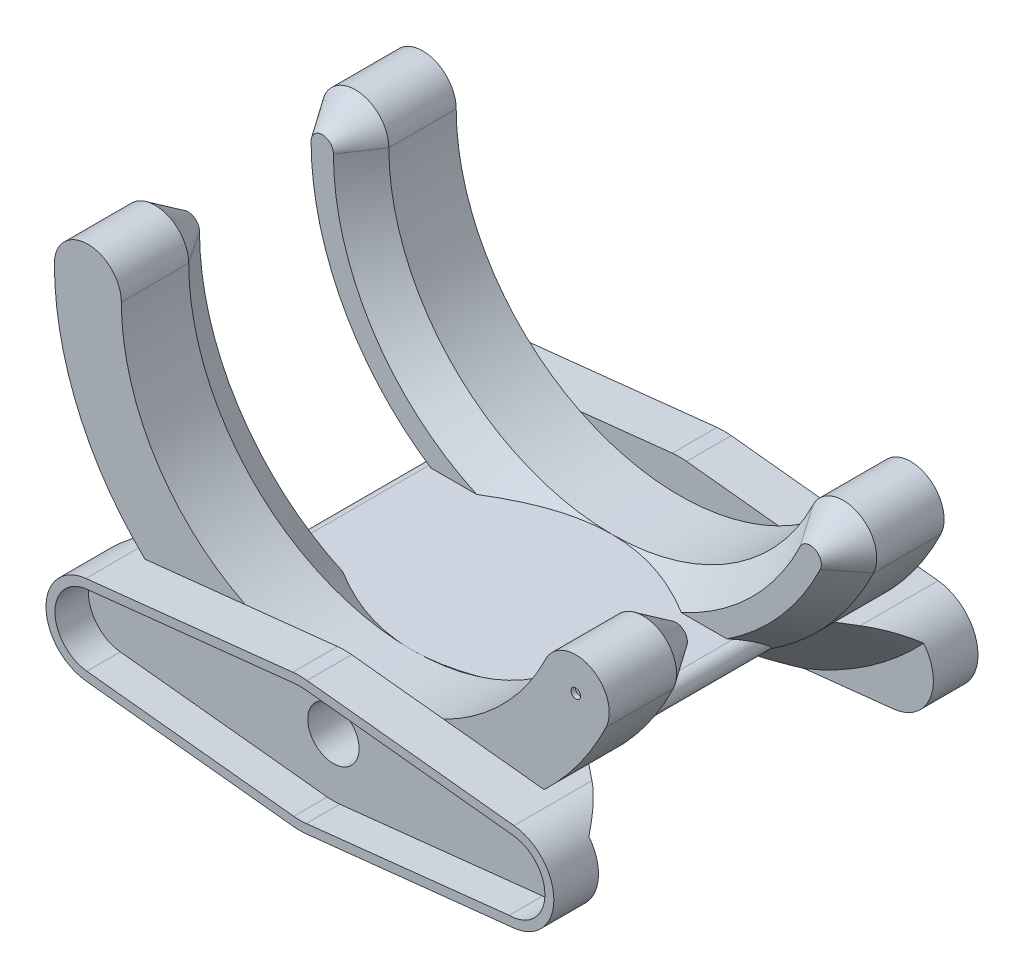
from build123d import *

# Parameters (mm, degrees)
ARM_EXTRUDE_DEPTH        = 38.1
SKETCH2_R                = 0.546252118
GUIDE_HOLE_DEPTH         = 0.508
MID_CUT_DEPTH            = 55.35837378
MID_CUT_DEPTH_BACK       = 55.35837378
SKETCH4_W                = 15.24
SKETCH4_H                = 40.806370212
CHAMFER1_SIZE            = 2.54
CHAMFER1_SIZE_2          = 3.76570486
SERVO_HORN_BASE_DEPTH    = 1.27
SERVO_HORN_EXTRUDE_DEPTH = 3.81
FILLET1_R                = 1.27
CHAMFER2_START           = 33.0199999
CHAMFER2_DEPTH           = 5.0800001
CHAMFER2_3_DEPTH         = 5.0800001
SKETCH7_R                = 2.921
SCREWDRIVER_HOLE_DEPTH   = 57.767721632
CUT_EXTRUDE1_START       = -19.05
SKETCH8_W                = 85.636651201
SKETCH8_H                = 66.005658068
CUT_EXTRUDE1_DEPTH       = 19.05


with BuildPart() as part:
    # Sketch1 → arm extrude (new body)
    with BuildSketch(Plane.XY):
        with BuildLine():
            ThreePointArc((-25.4, 12.7), (-5.664386724, -12.060345778), (22.873600239, 1.656521739))
            ThreePointArc((22.873600239, 1.656521739), (27.961162014, 3.431040036), (29.735680311, -1.656521739))
            ThreePointArc((29.735680311, -1.656521739), (-7.363702742, -19.488449511), (-33.02, 12.7))
            ThreePointArc((-33.02, 12.7), (-29.21, 16.51), (-25.4, 12.7))
        make_face()
    extrude(amount=ARM_EXTRUDE_DEPTH)

    # Sketch2 → guide hole (cut)
    with BuildSketch(Plane.XY.offset(38.1)):
        with Locations((26.304640275, 0)):
            Circle(SKETCH2_R)
    guide_hole = extrude(amount=-GUIDE_HOLE_DEPTH, mode=Mode.SUBTRACT)

    # Mirror1: guide hole across plane
    add(guide_hole.mirror(Plane.XY.offset(19.05)), mode=Mode.SUBTRACT)

    # Sketch4 → mid cut (cut, two sides: drawn at the far end of the back side and taken through both)
    with BuildSketch(Plane(origin=(0, 0, 0), x_dir=(0, 0, -1), z_dir=(1, 0, 0)).offset(-MID_CUT_DEPTH_BACK)):
        with Locations((-19.05, 7.703185106)):
            Rectangle(SKETCH4_W, SKETCH4_H)
    extrude(amount=MID_CUT_DEPTH + MID_CUT_DEPTH_BACK, mode=Mode.SUBTRACT)

    # Chamfer1
    # the kernel refuses this chamfer: 3.76570486, 2.54 mm, written as the material it takes off along each edge
    with BuildSketch(Plane(origin=(0, 12.7, 26.67), x_dir=(0.9005354424873052, -0.43478260869564844, 0), z_dir=(0.43478260869564844, 0.9005354424873052, 0))) as chamfer1_piece_1_section:
        Polygon((25.4 + CHAMFER1_SIZE, 0), (25.4, -CHAMFER1_SIZE_2), (25.4, 0), align=None)
    chamfer1_piece_1 = revolve(axis=Axis((0, 12.7, 26.67), (0, 0, -1)), revolution_arc=64.228538259, mode=Mode.PRIVATE)
    chamfer1_piece_1 = split(chamfer1_piece_1, bisect_by=Plane(origin=(0, -12.7, 26.67), z_dir=(0, 1, 0)), keep=Keep.TOP, mode=Mode.PRIVATE)
    add(chamfer1_piece_1, mode=Mode.SUBTRACT)
    with BuildSketch(Plane(origin=(0, 12.7, 26.67), x_dir=(0.900535442487305, -0.4347826086956487, 0), z_dir=(0.4347826086956487, 0.900535442487305, 0))) as chamfer1_piece_2_section:
        Polygon((33.02, -CHAMFER1_SIZE_2), (33.02 - CHAMFER1_SIZE, 0), (33.02, 0), align=None)
    chamfer1_piece_2 = revolve(axis=Axis((0, 12.7, 26.67), (0, 0, -1)), revolution_arc=41.395045941, mode=Mode.PRIVATE)
    chamfer1_piece_2 = split(chamfer1_piece_2, bisect_by=Plane(origin=(0, -12.7, 26.67), z_dir=(0, 1, 0)), keep=Keep.TOP, mode=Mode.PRIVATE)
    add(chamfer1_piece_2, mode=Mode.SUBTRACT)
    with BuildSketch(Plane(origin=(26.304640275, 0, 26.67), x_dir=(-0.9005354424873053, 0.4347826086956483, 0), z_dir=(-0.4347826086956483, -0.9005354424873053, 0))) as chamfer1_piece_3:
        Polygon((3.81, -CHAMFER1_SIZE_2), (3.81 - CHAMFER1_SIZE, 0), (3.81, 0), align=None)
    revolve(axis=Axis((26.304640275, 0, 26.67), (0, 0, -1)), revolution_arc=180, mode=Mode.SUBTRACT)
    with BuildSketch(Plane(origin=(0, 12.7, 26.67), x_dir=(0, -1, 0), z_dir=(1, 0, 0))) as chamfer1_piece_4_section:
        Polygon((25.4 + CHAMFER1_SIZE, 0), (25.4, -CHAMFER1_SIZE_2), (25.4, 0), align=None)
    chamfer1_piece_4 = revolve(axis=Axis((0, 12.7, 26.67), (0, 0, -1)), revolution_arc=90, mode=Mode.PRIVATE)
    chamfer1_piece_4 = split(chamfer1_piece_4, bisect_by=Plane(origin=(0, -12.7, 26.67), z_dir=(0, 1, 0)), keep=Keep.TOP, mode=Mode.PRIVATE)
    add(chamfer1_piece_4, mode=Mode.SUBTRACT)
    with BuildSketch(Plane(origin=(-29.21, 12.7, 26.67), x_dir=(-1, 0, 0), z_dir=(0, -1, 0))) as chamfer1_piece_5:
        Polygon((3.81 - CHAMFER1_SIZE, 0), (3.81, -CHAMFER1_SIZE_2), (3.81, 0), align=None)
    revolve(axis=Axis((-29.21, 12.7, 26.67), (0, 0, -1)), revolution_arc=180, mode=Mode.SUBTRACT)
    with BuildSketch(Plane(origin=(0, 12.7, 26.67), x_dir=(-0.3880284413542799, -0.9216473993345656, 0), z_dir=(0.9216473993345656, -0.3880284413542799, 0))) as chamfer1_piece_6_section:
        Polygon((33.02, -CHAMFER1_SIZE_2), (33.02 - CHAMFER1_SIZE, 0), (33.02, 0), align=None)
    chamfer1_piece_6 = revolve(axis=Axis((0, 12.7, 26.67), (0, 0, -1)), revolution_arc=67.168121234, mode=Mode.PRIVATE)
    chamfer1_piece_6 = split(chamfer1_piece_6, bisect_by=Plane(origin=(0, -12.7, 26.67), z_dir=(0, 1, 0)), keep=Keep.TOP, mode=Mode.PRIVATE)
    add(chamfer1_piece_6, mode=Mode.SUBTRACT)

    # Sketch5 → servo horn base (add)
    with BuildSketch(Plane.XY.offset(38.1)):
        with BuildLine():
            Line((-24.354366667, -11.45898223), (-0.8128, -8.933473345))
            ThreePointArc((-0.8128, -8.933473345), (0, -8.89), (0.8128, -8.933473345))
            Line((0.8128, -8.933473345), (24.354366667, -11.45898223))
            ThreePointArc((24.354366667, -11.45898223), (28.8925, -16.51), (24.354366667, -21.56101777))
            Line((24.354366667, -21.56101777), (0.8128, -24.086526655))
            ThreePointArc((0.8128, -24.086526655), (0, -24.13), (-0.8128, -24.086526655))
            Line((-0.8128, -24.086526655), (-24.354366667, -21.56101777))
            ThreePointArc((-24.354366667, -21.56101777), (-28.8925, -16.51), (-24.354366667, -11.45898223))
        make_face()
    extrude(amount=SERVO_HORN_BASE_DEPTH)

    # Sketch6 → servo horn extrude (add)
    with BuildSketch(Plane.XY.offset(39.37)):
        with BuildLine():
            Line((24.354366667, -11.45898223), (0.8128, -8.933473345))
            ThreePointArc((0.8128, -8.933473345), (0, -8.89), (-0.8128, -8.933473345))
            Line((-0.8128, -8.933473345), (-24.354366667, -11.45898223))
            ThreePointArc((-24.354366667, -11.45898223), (-28.8925, -16.51), (-24.354366667, -21.56101777))
            Line((-24.354366667, -21.56101777), (-0.8128, -24.086526655))
            ThreePointArc((-0.8128, -24.086526655), (0, -24.13), (0.8128, -24.086526655))
            Line((0.8128, -24.086526655), (24.354366667, -21.56101777))
            ThreePointArc((24.354366667, -21.56101777), (28.8925, -16.51), (24.354366667, -11.45898223))
        make_face()
        with BuildLine():
            Line((-24.245993333, -12.469185784), (-0.704426667, -9.943676899))
            ThreePointArc((-0.704426667, -9.943676899), (0, -9.906), (0.704426667, -9.943676899))
            Line((0.704426667, -9.943676899), (24.245993333, -12.469185784))
            ThreePointArc((24.245993333, -12.469185784), (27.870699414, -16.727056473), (23.8125, -20.574))
            Line((23.8125, -20.574), (0.710977357, -23.075617046))
            ThreePointArc((0.710977357, -23.075617046), (0.003294316, -23.113999178), (-0.704426667, -23.076323101))
            Line((-0.704426667, -23.076323101), (-24.245993333, -20.550814216))
            ThreePointArc((-24.245993333, -20.550814216), (-27.8765, -16.51), (-24.245993333, -12.469185784))
        make_face(mode=Mode.SUBTRACT)
    extrude(amount=SERVO_HORN_EXTRUDE_DEPTH)

    # Fillet1
    fillet1_edges = [part.edges().sort_by_distance(p)[0] for p in [
        (21.098824612, -12.7, 20.93285243),
        (-21.098824612, -12.7, 20.93285243),
    ]]
    fillet(fillet1_edges, radius=FILLET1_R)

    # Chamfer2: read off the stored shape, not the designer's step
    # Chamfer2 outline → Chamfer2 (add)
    with BuildSketch(Plane.XY.offset(CHAMFER2_START)):
        with BuildLine():
            ThreePointArc((-0.8128, -24.086526655), (0, -24.13), (0.8128, -24.086526655))
            Line((0.8128, -24.086526655), (24.354366667, -21.56101777))
            ThreePointArc((24.354366667, -21.56101777), (28.8925, -16.51), (24.354366667, -11.45898223))
            Line((24.354366667, -11.45898223), (22.698375076, -11.28132959))
            ThreePointArc((22.698375076, -11.28132959), (0, -20.32), (-22.698375076, -11.28132959))
            Line((-22.698375076, -11.28132959), (-24.354366667, -11.45898223))
            ThreePointArc((-24.354366667, -11.45898223), (-28.8925, -16.51), (-24.354366667, -21.56101777))
            Line((-24.354366667, -21.56101777), (-0.8128, -24.086526655))
        make_face()
    extrude(amount=CHAMFER2_DEPTH)

    # Chamfer2 2 outline → Chamfer2 2 (revolve, cut)
    with BuildSketch(Plane.XZ.offset(-12.7)):
        Polygon((42.762046953, 38.1), (38.1, 38.1), (33.02, 33.02), (42.762046953, 33.02), align=None)
    revolve(axis=Axis((0, 12.7, 0), (0, 0, 1)), mode=Mode.SUBTRACT)

    # Chamfer2 3 outline → Chamfer2 3 (cut)
    with BuildSketch(Plane.XY.offset(CHAMFER2_START)):
        with BuildLine():
            ThreePointArc((-26.847145977, -20.583981319), (-27.019646628, -20.444099863), (-27.191418467, -20.303324399))
            ThreePointArc((-27.191418467, -20.303324399), (-27.022351133, -20.44741739), (-26.847145977, -20.583981319))
        make_face()
        with BuildLine():
            ThreePointArc((27.191418467, -20.303324399), (27.019646628, -20.444099863), (26.847145977, -20.583981319))
            ThreePointArc((26.847145977, -20.583981319), (27.022351133, -20.44741739), (27.191418467, -20.303324399))
        make_face()
    extrude(amount=CHAMFER2_3_DEPTH, mode=Mode.SUBTRACT)

    # Sketch7 → screwdriver hole (cut, through all)
    with BuildSketch(Plane.XY.offset(39.37)):
        with Locations((0, -16.51)):
            Circle(SKETCH7_R)
    extrude(amount=-SCREWDRIVER_HOLE_DEPTH, mode=Mode.SUBTRACT)

    # Sketch8 → Cut-Extrude1 (cut)
    with BuildSketch(Plane(origin=(0, 0, 0), x_dir=(-1, 0, 0), z_dir=(0, 0, -1)).offset(CUT_EXTRUDE1_START)):
        with Locations((-0.504536569, -0.163627582)):
            Rectangle(SKETCH8_W, SKETCH8_H)
    extrude(amount=CUT_EXTRUDE1_DEPTH, mode=Mode.SUBTRACT)

    # Mirror2: part across plane


with BuildPart() as part_1:
    add(part.part)
    add(part.part.mirror(Plane(origin=(0, 0, 19.05), x_dir=(1, 0, 0), z_dir=(0, 0, -1))))


solid = part_1.part

------------

Exercise directions: Return exactly the lines above from the line that has "make_face(mode=Mode.SUBTRACT)" through the line that has "-20.32), (-22.698375076, -11.28132959))", inclusive, and nothing else.

Your solution:
        make_face(mode=Mode.SUBTRACT)
    extrude(amount=SERVO_HORN_EXTRUDE_DEPTH)

    # Fillet1
    fillet1_edges = [part.edges().sort_by_distance(p)[0] for p in [
        (21.098824612, -12.7, 20.93285243),
        (-21.098824612, -12.7, 20.93285243),
    ]]
    fillet(fillet1_edges, radius=FILLET1_R)

    # Chamfer2: read off the stored shape, not the designer's step
    # Chamfer2 outline → Chamfer2 (add)
    with BuildSketch(Plane.XY.offset(CHAMFER2_START)):
        with BuildLine():
            ThreePointArc((-0.8128, -24.086526655), (0, -24.13), (0.8128, -24.086526655))
            Line((0.8128, -24.086526655), (24.354366667, -21.56101777))
            ThreePointArc((24.354366667, -21.56101777), (28.8925, -16.51), (24.354366667, -11.45898223))
            Line((24.354366667, -11.45898223), (22.698375076, -11.28132959))
            ThreePointArc((22.698375076, -11.28132959), (0, -20.32), (-22.698375076, -11.28132959))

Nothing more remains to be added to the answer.